Infer cell-cell communication from single-cell RNA-seq

Point Claude Code at an annotated single-cell .h5ad; get back a consensus ligand-receptor ranking across several methods plus circle-plot and dotplot figures of the communication network.

   
Problem class Data analysis
Subject areas Molecular and Cellular Biology, Immunology and Microbiology
Evidence level Proposed
Complexity One skill or MCP
Availability Fully open
Compute Laptop (no GPU)

Problem

Once a single-cell dataset is QC’d, clustered, and cell-type annotated, a common next question is “which cell types are talking to each other, and through which ligand-receptor pairs?” The catch is that every inference tool (CellPhoneDB, CellChat, Connectome, NATMI, SingleCellSignalR) uses a different scoring metric and a different prior-knowledge resource, and their rankings disagree — a benchmark of 7 methods × 16 resources found that both choices strongly change the predicted interactions (Dimitrov et al. 2022). Running one tool gives a brittle answer; running several by hand and reconciling them is the friction. Solved looks like: hand the agent an annotated object, get back a consensus ranking that several methods agree on, plus the network plots, with the method set and resource recorded.

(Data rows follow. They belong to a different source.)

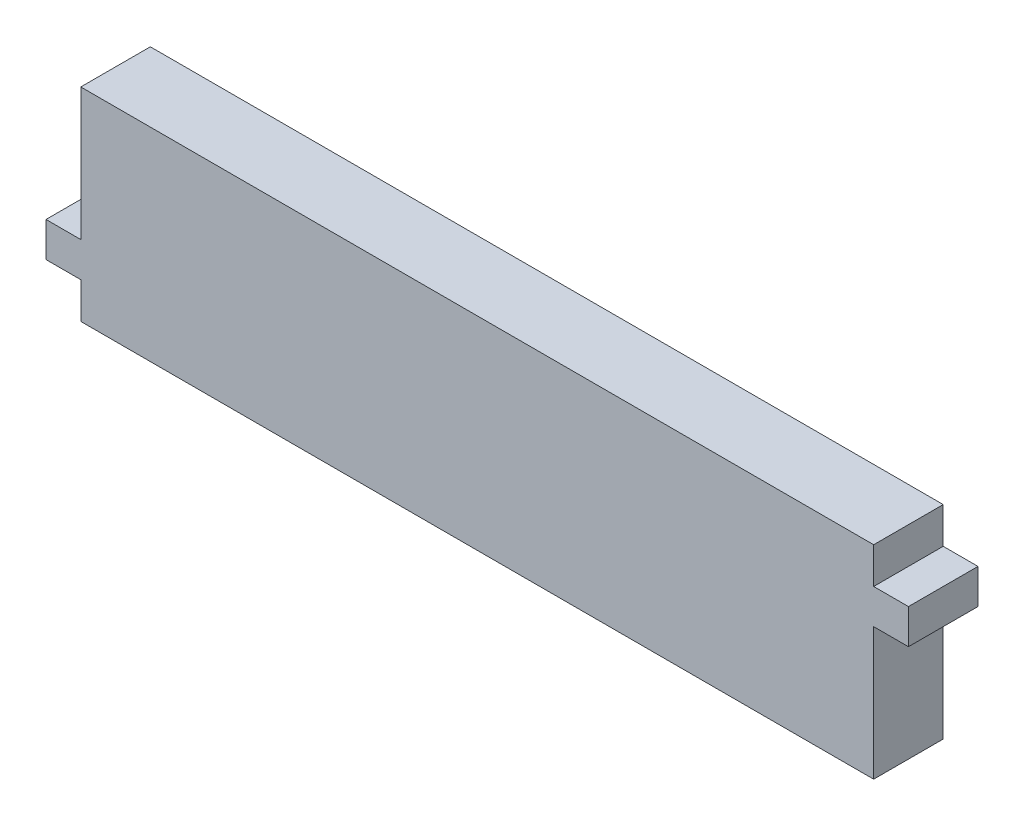
from build123d import *

# Parameters (mm, degrees)
BOSS_EXTRUDE1_DEPTH = 6.35


with BuildPart() as part:
    # Sketch4 → Boss-Extrude1 (new body)
    with BuildSketch(Plane.XY):
        Polygon((129.113772097, -14.485267498), (132.288772097, -14.485267498), (132.288772097, -17.660267498), (129.113772097, -17.660267498), (129.113772097, -23.248267498), (129.113772097, -26.423267498), (129.113772097, -29.725267498), (56.723772097, -29.725267498), (56.723772097, -26.423267498), (53.548772097, -26.423267498), (53.548772097, -23.248267498), (56.723772097, -23.248267498), (56.723772097, -11.183267498), (129.113772097, -11.183267498), align=None)
    extrude(amount=BOSS_EXTRUDE1_DEPTH)


solid = part.part

  1. Install the LIANA-MCP server. Install the package, then register it with Claude Code over stdio:

    pip install liana-mcp
claude mcp add --transport stdio liana -- liana-mcp run

  2. Prepare the input. Provide an annotated .h5ad with a cell-type label in .obs (e.g., cell_type) and log-normalized expression in .X. If you don’t have one yet, run the scRNA-seq QC recipe first and annotate clusters (CellTypist or marker genes). LIANA reads the loaded AnnData object — communication is only as good as the labels.

  3. List methods, then run multi-method inference and aggregate. A minimal prompt:

    Use the liana tools. Load adata.h5ad with cell-type labels in
obs['cell_type']. Run ls_ccc_method to show available methods, then
run communicate across CellPhoneDB, Connectome, NATMI, and
SingleCellSignalR, and rank_aggregate to produce a consensus
ligand-receptor ranking. Use the consensus resource. Report the top
20 source -> target -> ligand -> receptor tetrads.

  4. Plot the network. Continue:

    Make a circle_plot of the aggregated communication network and a
ccc_dotplot of the top interactions for the sender/receiver pairs I
care about (e.g., Macrophage -> T cell). Save figures to ccc/.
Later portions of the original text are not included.